[Collected data entries]

⁂

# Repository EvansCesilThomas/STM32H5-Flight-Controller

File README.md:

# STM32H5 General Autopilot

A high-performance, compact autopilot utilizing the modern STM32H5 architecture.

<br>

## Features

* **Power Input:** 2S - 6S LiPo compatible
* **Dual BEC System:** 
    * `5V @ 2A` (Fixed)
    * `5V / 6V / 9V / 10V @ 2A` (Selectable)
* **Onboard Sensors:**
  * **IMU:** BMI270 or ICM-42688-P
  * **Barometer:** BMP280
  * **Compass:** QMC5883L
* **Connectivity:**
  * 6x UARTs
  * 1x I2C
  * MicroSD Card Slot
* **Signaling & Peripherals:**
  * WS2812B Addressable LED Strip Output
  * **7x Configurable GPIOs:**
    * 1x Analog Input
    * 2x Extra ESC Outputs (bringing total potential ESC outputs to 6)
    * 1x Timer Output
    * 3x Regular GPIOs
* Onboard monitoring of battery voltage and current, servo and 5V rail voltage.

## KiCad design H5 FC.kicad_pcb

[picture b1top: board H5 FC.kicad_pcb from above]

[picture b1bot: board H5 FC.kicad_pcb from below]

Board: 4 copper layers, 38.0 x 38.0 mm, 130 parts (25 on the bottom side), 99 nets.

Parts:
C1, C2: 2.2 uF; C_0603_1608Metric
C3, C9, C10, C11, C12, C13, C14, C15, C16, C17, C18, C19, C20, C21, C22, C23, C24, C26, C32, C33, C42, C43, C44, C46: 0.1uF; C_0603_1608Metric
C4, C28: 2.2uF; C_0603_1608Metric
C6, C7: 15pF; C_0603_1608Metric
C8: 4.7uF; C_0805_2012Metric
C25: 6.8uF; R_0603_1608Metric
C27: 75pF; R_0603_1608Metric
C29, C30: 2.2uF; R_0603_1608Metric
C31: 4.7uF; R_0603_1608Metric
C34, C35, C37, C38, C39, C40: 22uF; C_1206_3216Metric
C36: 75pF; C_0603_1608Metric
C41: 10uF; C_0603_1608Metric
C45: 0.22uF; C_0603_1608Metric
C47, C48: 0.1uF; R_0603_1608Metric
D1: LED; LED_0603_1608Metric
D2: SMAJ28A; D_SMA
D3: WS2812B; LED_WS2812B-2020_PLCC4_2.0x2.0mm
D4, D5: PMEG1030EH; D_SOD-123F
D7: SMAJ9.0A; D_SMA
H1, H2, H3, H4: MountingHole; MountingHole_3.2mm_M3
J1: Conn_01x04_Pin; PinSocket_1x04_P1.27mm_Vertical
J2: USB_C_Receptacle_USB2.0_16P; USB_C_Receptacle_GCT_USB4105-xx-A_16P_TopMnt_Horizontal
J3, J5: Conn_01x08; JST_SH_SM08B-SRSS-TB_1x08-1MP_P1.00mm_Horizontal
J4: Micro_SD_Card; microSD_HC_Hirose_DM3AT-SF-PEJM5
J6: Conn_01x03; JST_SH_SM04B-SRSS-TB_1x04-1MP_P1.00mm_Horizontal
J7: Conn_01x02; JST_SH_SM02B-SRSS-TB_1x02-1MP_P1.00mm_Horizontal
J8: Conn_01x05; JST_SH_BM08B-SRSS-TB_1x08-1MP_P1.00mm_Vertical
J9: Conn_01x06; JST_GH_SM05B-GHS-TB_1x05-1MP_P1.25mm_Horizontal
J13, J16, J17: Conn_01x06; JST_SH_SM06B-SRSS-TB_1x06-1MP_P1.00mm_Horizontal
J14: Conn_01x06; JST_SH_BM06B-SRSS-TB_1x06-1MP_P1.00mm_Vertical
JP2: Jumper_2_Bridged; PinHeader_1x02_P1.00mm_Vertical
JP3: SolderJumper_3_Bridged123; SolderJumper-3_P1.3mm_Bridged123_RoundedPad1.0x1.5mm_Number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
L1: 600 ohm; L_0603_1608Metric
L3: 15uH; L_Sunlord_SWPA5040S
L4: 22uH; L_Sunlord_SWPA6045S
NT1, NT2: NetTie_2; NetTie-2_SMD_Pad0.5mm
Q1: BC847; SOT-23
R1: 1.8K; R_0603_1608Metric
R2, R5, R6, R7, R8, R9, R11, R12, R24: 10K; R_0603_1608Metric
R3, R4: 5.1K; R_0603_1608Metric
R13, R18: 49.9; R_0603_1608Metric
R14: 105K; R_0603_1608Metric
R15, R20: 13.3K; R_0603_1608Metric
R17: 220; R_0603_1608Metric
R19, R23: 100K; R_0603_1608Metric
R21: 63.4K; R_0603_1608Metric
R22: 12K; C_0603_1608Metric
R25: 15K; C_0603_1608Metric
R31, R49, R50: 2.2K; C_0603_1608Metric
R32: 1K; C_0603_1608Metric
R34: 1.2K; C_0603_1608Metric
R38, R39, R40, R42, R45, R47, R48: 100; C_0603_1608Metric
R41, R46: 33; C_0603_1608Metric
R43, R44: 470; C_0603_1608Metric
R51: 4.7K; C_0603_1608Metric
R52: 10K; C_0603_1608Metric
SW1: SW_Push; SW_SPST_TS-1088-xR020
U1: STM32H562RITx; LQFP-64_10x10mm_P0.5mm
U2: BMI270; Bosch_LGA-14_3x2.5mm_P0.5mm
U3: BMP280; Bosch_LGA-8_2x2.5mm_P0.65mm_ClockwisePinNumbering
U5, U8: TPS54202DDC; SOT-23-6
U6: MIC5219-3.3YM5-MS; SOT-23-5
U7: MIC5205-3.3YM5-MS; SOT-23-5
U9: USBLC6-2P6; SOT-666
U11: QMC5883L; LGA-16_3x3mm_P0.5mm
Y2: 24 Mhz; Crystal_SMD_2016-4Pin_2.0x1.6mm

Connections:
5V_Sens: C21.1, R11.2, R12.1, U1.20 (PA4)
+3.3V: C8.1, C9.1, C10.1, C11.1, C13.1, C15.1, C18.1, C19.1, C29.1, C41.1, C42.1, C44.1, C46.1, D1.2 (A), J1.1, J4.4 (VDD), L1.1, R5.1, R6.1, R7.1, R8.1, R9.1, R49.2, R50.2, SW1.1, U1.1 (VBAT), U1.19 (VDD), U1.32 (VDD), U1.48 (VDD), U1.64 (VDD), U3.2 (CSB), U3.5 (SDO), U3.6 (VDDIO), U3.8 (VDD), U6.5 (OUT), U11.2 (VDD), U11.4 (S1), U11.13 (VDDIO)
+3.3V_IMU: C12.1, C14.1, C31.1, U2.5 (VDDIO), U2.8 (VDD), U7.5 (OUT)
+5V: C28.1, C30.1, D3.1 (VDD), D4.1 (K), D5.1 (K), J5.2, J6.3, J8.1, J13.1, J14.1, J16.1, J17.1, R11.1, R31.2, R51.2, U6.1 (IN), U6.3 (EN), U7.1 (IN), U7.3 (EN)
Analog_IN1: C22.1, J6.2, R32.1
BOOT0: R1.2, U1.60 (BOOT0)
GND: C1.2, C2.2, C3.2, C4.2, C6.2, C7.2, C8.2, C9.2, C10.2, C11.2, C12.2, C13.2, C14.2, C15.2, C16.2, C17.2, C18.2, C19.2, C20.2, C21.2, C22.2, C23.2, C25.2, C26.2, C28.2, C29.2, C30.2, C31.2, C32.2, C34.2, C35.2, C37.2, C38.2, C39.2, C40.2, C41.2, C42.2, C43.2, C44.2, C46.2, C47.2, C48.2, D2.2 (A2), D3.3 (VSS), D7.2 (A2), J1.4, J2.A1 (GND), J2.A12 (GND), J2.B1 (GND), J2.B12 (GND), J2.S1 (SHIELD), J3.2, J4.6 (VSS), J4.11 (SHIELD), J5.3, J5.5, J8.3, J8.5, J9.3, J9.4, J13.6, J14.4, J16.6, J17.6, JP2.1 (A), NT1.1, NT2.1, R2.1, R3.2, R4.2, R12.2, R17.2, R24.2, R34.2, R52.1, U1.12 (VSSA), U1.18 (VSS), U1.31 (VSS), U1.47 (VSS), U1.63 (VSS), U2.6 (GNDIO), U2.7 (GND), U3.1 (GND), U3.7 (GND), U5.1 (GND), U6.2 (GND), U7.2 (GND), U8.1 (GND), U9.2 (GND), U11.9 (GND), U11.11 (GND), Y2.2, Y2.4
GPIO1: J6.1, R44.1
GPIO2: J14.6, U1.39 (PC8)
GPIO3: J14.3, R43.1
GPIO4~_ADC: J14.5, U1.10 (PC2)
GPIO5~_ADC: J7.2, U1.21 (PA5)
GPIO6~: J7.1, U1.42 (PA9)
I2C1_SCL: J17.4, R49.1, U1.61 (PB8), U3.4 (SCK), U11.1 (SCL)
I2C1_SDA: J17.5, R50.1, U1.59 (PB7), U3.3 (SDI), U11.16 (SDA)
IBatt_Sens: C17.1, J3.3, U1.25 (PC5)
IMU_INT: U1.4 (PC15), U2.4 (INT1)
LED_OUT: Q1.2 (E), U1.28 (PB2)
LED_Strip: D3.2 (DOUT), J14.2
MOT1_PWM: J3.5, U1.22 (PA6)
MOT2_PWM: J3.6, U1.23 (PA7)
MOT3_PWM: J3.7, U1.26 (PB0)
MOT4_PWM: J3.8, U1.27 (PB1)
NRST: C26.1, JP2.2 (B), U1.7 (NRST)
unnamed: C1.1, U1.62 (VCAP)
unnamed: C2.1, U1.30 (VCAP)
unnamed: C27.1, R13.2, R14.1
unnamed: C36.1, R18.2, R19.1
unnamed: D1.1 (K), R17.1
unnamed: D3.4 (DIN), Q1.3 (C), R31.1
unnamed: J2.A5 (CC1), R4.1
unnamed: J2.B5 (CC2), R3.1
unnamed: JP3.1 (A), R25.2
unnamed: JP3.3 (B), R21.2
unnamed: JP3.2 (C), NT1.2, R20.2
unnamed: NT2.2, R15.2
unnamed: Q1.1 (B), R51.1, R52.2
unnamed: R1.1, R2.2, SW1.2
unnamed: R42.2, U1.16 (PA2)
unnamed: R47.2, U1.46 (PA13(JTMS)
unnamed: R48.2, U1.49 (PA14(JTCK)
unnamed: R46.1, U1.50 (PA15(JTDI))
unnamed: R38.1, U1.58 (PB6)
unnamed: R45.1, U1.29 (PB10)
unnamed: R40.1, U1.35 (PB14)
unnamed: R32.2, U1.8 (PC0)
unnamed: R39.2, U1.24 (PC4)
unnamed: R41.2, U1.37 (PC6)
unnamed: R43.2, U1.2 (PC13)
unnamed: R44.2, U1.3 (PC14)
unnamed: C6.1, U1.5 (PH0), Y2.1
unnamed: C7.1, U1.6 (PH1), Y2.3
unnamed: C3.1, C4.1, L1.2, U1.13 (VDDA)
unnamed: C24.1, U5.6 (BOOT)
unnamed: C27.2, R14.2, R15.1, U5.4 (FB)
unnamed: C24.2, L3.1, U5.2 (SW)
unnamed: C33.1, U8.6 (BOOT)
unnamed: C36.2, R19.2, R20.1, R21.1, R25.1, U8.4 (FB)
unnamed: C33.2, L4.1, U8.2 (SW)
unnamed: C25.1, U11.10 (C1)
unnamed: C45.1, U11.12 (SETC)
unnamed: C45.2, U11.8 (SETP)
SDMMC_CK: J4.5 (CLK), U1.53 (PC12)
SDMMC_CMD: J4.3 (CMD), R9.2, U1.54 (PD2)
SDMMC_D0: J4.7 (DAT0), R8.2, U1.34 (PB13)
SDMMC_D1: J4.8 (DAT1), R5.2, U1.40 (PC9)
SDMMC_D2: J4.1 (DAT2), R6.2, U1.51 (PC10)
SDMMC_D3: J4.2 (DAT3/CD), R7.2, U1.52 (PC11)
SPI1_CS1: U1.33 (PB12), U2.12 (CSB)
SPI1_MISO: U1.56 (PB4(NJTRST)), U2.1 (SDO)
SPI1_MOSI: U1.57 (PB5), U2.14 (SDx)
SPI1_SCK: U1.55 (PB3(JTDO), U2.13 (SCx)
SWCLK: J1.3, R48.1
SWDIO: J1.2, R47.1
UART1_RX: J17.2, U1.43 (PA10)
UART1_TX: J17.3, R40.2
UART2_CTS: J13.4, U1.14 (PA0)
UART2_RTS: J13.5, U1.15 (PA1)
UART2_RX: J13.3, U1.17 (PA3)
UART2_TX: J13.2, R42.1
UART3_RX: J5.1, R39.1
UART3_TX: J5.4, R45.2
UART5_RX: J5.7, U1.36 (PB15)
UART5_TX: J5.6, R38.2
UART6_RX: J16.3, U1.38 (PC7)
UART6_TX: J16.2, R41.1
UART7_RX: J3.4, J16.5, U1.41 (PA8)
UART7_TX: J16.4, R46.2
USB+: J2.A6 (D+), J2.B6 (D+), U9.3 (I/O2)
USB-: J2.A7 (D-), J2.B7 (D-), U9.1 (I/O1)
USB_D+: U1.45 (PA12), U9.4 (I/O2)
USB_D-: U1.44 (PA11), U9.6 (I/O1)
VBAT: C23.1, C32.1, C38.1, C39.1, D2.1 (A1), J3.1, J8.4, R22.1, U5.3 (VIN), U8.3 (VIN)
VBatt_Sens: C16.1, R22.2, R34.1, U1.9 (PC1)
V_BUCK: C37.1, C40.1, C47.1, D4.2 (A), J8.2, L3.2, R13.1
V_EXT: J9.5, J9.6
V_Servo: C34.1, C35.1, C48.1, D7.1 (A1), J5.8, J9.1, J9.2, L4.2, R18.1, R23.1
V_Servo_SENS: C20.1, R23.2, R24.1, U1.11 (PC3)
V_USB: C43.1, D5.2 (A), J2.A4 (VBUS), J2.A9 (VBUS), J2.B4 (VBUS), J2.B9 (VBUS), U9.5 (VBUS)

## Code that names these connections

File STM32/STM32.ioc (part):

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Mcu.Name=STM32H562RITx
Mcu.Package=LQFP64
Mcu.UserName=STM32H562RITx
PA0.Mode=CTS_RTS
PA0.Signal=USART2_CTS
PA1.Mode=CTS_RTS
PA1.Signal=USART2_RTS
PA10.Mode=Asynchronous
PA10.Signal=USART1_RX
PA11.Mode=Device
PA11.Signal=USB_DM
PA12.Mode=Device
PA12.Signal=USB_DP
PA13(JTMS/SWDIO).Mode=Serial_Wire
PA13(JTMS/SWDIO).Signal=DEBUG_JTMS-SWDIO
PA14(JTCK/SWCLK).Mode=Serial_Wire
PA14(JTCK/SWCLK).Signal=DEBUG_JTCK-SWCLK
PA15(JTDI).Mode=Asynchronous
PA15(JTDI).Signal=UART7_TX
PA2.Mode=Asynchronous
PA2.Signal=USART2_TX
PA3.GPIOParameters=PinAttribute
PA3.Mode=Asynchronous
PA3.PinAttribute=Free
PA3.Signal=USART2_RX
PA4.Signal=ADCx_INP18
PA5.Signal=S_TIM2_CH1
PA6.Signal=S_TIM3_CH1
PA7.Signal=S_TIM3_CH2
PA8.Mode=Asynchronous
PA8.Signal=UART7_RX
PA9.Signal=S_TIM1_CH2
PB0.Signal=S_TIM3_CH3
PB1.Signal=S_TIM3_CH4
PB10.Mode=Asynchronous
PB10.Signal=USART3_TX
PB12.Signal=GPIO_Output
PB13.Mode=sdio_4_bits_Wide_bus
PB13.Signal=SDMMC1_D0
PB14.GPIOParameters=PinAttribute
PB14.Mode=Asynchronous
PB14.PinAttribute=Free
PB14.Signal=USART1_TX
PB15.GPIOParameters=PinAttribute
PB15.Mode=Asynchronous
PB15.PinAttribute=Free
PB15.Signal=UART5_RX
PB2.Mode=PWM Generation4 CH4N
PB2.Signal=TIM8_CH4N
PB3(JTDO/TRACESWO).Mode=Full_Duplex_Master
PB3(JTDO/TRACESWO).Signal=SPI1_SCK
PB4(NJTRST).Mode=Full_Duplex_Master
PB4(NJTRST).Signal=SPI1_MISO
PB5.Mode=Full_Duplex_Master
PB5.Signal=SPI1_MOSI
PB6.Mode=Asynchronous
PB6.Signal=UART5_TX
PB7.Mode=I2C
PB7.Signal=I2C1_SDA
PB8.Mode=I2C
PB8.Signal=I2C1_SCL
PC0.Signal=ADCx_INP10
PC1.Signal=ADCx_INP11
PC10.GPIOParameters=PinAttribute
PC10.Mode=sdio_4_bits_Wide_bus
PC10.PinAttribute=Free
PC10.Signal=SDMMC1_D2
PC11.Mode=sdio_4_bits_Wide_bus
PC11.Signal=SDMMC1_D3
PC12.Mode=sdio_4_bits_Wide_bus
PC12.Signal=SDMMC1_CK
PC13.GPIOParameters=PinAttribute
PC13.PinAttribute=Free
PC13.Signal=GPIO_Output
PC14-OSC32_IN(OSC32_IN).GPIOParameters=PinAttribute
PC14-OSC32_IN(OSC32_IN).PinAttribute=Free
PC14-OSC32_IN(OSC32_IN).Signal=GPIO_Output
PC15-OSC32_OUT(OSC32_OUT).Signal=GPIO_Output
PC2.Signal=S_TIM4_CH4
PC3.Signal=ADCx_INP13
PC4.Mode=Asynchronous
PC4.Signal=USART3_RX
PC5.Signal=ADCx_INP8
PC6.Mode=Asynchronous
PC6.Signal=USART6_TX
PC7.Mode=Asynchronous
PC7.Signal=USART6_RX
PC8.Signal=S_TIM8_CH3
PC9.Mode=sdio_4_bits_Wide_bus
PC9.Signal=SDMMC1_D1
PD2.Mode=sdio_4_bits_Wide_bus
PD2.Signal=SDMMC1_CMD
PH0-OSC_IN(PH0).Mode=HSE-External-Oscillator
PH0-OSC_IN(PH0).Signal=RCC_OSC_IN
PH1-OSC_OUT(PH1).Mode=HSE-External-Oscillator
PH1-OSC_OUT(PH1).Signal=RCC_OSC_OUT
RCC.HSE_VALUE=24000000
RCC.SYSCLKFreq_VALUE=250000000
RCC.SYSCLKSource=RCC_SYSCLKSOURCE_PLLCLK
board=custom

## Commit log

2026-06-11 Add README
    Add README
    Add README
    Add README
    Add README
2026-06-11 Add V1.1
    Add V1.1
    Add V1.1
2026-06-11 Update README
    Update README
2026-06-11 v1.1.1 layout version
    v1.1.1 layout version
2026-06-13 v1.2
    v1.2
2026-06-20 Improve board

⁂

Task prompt =>
If a line comes after the one that contains "[picture b1bot: board", leave it out; return every line of the entries up to that point exactly, starting with the first, with that line included.

Solution =>
# Repository EvansCesilThomas/STM32H5-Flight-Controller

File README.md:

# STM32H5 General Autopilot

A high-performance, compact autopilot utilizing the modern STM32H5 architecture.

<br>

## Features

* **Power Input:** 2S - 6S LiPo compatible
* **Dual BEC System:** 
    * `5V @ 2A` (Fixed)
    * `5V / 6V / 9V / 10V @ 2A` (Selectable)
* **Onboard Sensors:**
  * **IMU:** BMI270 or ICM-42688-P
  * **Barometer:** BMP280
  * **Compass:** QMC5883L
* **Connectivity:**
  * 6x UARTs
  * 1x I2C
  * MicroSD Card Slot
* **Signaling & Peripherals:**
  * WS2812B Addressable LED Strip Output
  * **7x Configurable GPIOs:**
    * 1x Analog Input
    * 2x Extra ESC Outputs (bringing total potential ESC outputs to 6)
    * 1x Timer Output
    * 3x Regular GPIOs
* Onboard monitoring of battery voltage and current, servo and 5V rail voltage.

## KiCad design H5 FC.kicad_pcb

[picture b1top: board H5 FC.kicad_pcb from above]

[picture b1bot: board H5 FC.kicad_pcb from below]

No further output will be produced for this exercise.